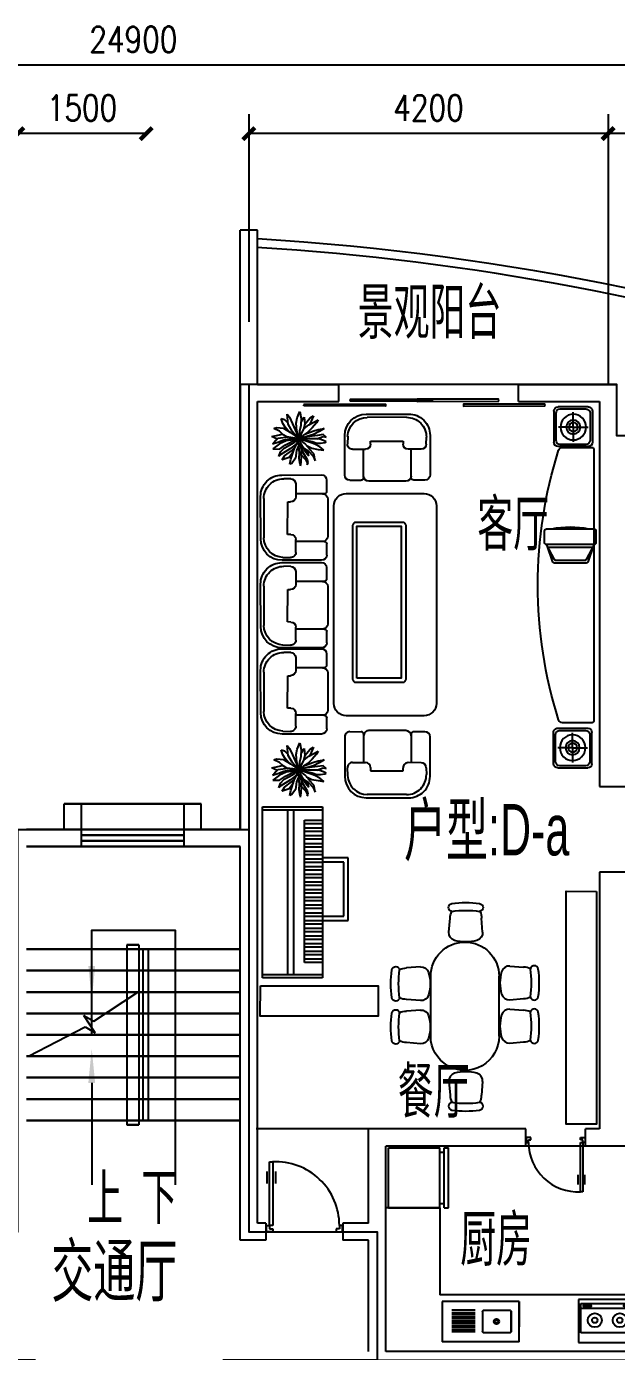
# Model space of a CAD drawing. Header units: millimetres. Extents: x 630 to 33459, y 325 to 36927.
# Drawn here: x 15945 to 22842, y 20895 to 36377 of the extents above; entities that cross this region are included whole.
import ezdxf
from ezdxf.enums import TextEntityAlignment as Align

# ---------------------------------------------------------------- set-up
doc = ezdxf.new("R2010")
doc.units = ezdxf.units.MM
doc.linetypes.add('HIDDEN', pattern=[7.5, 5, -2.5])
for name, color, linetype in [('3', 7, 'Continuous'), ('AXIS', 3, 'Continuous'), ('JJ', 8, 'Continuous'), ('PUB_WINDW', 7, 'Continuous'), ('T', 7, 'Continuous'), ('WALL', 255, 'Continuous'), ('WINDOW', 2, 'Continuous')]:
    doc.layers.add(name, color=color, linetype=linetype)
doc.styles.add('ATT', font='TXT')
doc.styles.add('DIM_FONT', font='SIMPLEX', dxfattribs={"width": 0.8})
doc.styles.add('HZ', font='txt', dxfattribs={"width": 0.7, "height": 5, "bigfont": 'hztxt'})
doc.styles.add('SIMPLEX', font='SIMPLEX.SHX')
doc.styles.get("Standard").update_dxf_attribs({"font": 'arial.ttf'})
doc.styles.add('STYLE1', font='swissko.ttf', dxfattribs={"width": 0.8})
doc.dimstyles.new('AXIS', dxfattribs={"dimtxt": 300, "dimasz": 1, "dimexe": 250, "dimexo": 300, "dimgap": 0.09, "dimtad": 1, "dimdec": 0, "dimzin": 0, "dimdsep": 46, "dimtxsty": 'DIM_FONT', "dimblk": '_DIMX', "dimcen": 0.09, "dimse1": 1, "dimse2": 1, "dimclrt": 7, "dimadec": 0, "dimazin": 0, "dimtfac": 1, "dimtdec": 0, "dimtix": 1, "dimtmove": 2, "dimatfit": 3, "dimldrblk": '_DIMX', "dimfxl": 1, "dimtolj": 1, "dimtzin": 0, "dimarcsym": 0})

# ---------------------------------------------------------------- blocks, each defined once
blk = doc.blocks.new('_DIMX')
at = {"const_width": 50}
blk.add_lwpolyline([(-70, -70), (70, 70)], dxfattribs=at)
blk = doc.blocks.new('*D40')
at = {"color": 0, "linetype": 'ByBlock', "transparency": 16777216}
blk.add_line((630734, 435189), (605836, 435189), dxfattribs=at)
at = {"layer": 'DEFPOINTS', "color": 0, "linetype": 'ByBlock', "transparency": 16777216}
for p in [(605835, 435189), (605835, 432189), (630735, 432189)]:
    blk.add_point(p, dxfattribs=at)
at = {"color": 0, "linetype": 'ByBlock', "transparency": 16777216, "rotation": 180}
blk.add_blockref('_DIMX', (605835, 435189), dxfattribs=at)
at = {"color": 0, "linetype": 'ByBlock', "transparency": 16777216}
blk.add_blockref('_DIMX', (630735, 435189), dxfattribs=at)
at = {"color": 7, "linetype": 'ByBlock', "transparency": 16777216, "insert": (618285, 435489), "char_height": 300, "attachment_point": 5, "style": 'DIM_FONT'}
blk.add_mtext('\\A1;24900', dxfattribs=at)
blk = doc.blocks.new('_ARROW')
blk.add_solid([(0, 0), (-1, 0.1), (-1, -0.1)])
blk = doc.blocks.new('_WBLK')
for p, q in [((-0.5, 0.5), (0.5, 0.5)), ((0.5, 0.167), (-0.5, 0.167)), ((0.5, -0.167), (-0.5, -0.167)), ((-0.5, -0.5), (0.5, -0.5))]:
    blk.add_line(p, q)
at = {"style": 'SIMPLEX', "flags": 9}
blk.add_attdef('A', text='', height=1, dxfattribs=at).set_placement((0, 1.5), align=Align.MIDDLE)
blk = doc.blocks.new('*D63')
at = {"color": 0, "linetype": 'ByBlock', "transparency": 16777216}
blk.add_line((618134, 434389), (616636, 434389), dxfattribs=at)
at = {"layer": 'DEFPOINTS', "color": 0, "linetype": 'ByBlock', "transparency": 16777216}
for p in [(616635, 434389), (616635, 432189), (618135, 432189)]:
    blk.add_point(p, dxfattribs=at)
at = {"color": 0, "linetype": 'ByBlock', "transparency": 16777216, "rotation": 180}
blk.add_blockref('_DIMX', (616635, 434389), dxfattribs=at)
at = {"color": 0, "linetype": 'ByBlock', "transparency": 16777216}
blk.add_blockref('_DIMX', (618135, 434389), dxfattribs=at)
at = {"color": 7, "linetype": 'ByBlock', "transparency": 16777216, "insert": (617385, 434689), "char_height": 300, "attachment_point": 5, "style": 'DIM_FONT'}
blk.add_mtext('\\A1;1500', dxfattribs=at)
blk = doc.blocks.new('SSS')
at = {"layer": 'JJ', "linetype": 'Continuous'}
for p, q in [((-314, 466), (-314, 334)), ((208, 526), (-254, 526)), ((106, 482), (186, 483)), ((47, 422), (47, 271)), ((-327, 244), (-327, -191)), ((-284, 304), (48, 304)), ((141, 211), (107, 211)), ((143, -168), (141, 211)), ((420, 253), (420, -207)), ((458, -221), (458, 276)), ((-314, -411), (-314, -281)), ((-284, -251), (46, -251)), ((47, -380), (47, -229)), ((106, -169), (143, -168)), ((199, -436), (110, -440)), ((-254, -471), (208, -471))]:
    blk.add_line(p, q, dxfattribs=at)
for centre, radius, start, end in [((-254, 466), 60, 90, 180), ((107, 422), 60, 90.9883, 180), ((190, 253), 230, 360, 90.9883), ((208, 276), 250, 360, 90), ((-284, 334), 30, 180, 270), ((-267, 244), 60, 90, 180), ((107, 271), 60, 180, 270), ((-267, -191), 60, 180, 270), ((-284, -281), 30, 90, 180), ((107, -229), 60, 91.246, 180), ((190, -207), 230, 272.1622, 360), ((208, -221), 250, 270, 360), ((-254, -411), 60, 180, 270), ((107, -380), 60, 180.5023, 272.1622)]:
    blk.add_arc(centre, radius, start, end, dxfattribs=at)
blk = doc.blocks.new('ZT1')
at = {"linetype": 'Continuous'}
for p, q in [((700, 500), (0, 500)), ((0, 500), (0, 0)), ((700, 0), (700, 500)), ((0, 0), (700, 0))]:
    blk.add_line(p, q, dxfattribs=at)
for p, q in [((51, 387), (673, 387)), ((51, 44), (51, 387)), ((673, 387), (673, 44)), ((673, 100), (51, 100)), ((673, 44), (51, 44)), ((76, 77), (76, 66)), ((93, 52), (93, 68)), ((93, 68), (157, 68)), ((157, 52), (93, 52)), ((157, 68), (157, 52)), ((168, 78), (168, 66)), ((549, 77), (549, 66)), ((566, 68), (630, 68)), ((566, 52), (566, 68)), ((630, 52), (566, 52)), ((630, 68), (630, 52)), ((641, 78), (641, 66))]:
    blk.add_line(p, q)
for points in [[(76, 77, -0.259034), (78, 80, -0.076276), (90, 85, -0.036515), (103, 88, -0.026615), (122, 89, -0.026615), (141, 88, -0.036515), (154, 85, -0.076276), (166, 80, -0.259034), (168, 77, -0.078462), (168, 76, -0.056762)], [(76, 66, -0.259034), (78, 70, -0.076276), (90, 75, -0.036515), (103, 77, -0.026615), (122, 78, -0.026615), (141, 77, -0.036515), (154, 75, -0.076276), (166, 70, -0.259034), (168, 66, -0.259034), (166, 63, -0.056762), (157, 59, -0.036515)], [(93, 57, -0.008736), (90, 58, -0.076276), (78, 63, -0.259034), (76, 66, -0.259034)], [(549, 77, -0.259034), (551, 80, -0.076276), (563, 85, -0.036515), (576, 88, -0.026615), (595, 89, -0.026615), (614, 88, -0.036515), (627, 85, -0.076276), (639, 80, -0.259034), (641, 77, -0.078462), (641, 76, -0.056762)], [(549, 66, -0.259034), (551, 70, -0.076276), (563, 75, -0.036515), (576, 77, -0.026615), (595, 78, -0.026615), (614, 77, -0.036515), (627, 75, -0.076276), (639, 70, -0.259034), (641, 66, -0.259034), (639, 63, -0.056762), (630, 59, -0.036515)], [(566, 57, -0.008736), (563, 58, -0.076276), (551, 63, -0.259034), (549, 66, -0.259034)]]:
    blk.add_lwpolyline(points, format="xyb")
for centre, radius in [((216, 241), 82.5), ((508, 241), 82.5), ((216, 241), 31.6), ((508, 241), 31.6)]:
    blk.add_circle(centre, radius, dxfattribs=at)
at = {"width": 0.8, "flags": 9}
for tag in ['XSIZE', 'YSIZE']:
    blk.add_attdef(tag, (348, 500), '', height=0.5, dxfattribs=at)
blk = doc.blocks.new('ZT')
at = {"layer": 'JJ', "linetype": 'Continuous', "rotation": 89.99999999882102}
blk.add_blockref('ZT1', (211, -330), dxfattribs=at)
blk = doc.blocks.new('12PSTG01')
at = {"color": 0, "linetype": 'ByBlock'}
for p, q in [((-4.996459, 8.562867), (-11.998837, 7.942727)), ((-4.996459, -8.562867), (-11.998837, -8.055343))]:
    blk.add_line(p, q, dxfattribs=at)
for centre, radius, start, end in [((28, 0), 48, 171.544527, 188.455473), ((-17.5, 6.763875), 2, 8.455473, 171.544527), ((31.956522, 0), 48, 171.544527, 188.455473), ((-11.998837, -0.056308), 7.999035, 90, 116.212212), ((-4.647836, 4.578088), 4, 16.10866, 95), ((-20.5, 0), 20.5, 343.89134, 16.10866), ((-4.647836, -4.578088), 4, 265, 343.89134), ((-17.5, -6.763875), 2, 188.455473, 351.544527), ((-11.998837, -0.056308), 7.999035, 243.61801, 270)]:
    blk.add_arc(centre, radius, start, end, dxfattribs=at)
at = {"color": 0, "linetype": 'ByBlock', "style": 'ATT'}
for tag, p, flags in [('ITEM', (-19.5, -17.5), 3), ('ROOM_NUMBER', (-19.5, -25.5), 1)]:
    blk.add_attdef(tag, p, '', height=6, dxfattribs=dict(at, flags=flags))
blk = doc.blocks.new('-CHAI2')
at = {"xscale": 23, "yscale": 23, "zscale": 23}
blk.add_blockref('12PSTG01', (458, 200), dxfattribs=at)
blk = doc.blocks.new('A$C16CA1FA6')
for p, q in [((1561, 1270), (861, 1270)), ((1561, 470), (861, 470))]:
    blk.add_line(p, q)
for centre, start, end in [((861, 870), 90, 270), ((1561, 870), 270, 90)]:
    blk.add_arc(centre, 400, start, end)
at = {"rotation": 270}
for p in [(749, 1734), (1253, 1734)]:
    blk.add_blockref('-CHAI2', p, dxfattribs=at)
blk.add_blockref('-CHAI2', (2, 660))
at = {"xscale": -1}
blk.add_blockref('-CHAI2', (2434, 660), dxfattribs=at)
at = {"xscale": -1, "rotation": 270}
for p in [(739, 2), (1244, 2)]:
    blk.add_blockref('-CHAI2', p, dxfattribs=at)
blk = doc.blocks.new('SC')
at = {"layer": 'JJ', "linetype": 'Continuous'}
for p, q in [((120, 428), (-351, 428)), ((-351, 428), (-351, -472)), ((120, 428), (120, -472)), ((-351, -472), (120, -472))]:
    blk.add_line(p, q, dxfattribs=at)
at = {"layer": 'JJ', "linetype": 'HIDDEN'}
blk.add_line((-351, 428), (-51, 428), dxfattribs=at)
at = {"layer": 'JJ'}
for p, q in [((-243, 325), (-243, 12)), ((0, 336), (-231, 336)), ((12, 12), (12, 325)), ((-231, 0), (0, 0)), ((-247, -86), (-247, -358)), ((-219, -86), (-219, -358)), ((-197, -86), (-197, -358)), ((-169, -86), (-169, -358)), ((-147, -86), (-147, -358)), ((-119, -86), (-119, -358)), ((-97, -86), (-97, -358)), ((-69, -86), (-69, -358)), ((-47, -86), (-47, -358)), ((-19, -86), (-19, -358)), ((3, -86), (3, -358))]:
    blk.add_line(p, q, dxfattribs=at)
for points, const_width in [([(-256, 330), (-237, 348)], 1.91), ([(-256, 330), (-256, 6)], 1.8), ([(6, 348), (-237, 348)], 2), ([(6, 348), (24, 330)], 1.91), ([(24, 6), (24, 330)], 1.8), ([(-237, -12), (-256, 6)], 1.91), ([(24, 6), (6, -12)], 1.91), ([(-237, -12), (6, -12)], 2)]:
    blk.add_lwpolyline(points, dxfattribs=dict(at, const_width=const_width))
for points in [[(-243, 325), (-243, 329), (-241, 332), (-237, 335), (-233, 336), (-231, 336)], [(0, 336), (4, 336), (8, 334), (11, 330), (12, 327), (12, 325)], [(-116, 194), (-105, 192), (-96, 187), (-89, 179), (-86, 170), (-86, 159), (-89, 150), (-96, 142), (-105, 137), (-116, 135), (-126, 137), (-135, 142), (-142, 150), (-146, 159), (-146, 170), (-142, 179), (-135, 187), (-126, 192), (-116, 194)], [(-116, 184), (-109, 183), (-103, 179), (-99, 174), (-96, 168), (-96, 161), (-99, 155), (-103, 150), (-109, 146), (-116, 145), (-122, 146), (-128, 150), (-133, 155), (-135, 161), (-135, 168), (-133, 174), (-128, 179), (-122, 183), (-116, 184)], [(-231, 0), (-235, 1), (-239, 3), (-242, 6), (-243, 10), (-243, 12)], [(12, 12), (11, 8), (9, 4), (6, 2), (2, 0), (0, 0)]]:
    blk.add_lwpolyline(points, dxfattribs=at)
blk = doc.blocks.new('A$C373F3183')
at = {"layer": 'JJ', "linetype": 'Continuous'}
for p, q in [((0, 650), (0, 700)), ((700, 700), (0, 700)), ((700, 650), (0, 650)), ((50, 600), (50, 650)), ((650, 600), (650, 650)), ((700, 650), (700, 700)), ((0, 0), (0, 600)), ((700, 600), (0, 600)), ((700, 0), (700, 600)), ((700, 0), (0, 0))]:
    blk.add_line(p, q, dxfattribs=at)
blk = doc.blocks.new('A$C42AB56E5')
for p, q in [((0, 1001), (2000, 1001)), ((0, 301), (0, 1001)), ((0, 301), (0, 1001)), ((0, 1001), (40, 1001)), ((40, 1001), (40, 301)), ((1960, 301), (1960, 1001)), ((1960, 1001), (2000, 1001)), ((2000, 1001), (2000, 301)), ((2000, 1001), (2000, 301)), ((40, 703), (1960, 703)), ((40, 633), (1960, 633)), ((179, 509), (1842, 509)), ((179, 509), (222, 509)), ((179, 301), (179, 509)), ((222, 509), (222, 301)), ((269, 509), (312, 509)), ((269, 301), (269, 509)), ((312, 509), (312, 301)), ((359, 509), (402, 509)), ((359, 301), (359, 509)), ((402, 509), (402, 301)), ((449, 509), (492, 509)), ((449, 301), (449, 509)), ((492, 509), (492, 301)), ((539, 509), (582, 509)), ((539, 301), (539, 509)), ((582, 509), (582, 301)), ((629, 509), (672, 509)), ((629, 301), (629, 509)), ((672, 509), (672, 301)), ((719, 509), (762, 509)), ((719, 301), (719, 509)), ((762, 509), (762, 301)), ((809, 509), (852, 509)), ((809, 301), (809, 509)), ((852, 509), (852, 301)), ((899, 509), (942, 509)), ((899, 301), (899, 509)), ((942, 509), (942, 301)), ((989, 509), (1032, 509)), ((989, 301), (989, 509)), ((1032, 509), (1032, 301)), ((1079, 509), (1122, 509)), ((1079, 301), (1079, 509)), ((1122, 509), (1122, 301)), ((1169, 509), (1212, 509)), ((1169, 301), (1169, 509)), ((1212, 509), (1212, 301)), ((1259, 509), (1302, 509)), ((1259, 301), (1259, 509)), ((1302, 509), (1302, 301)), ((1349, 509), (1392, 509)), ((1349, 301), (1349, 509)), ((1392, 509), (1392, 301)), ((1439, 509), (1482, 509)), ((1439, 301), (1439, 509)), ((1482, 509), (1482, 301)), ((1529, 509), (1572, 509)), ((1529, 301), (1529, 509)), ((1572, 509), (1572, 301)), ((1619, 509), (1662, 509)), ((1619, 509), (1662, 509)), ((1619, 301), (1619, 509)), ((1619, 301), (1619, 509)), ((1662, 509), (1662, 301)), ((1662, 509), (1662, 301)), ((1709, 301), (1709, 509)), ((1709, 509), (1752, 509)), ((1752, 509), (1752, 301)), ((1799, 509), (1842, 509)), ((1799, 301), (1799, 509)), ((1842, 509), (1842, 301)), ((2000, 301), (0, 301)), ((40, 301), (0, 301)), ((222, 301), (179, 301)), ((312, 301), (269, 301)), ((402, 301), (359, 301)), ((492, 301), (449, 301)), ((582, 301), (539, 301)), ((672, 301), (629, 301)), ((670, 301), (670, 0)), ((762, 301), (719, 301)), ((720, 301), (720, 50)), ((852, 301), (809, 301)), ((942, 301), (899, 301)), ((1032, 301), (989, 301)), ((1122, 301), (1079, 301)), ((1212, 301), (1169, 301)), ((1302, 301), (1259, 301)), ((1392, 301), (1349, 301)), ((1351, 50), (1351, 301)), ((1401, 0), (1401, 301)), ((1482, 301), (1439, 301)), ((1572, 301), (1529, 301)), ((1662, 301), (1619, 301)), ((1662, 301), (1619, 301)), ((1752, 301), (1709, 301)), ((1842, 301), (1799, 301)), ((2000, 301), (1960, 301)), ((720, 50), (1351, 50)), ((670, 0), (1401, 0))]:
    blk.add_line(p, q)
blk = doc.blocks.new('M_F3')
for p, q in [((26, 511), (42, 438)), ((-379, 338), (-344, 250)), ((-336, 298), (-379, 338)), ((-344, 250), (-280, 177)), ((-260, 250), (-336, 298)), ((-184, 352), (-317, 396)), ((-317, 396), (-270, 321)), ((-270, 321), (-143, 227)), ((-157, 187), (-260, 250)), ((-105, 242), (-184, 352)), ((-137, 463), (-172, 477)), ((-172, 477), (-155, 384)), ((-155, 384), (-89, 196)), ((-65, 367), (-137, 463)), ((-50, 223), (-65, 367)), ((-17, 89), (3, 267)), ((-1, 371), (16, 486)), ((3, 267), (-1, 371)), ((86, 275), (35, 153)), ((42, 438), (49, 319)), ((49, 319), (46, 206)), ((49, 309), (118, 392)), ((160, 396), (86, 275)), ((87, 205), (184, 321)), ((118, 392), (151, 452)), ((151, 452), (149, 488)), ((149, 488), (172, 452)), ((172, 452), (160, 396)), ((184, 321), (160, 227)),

________________________________________

WHAT IS NEEDED
The lines you return should be those above that contain the word "name", every one of them.

RESPONSE TO THIS TASK
for name, color, linetype in [('3', 7, 'Continuous'), ('AXIS', 3, 'Continuous'), ('JJ', 8, 'Continuous'), ('PUB_WINDW', 7, 'Continuous'), ('T', 7, 'Continuous'), ('WALL', 255, 'Continuous'), ('WINDOW', 2, 'Continuous')]:
    doc.layers.add(name, color=color, linetype=linetype)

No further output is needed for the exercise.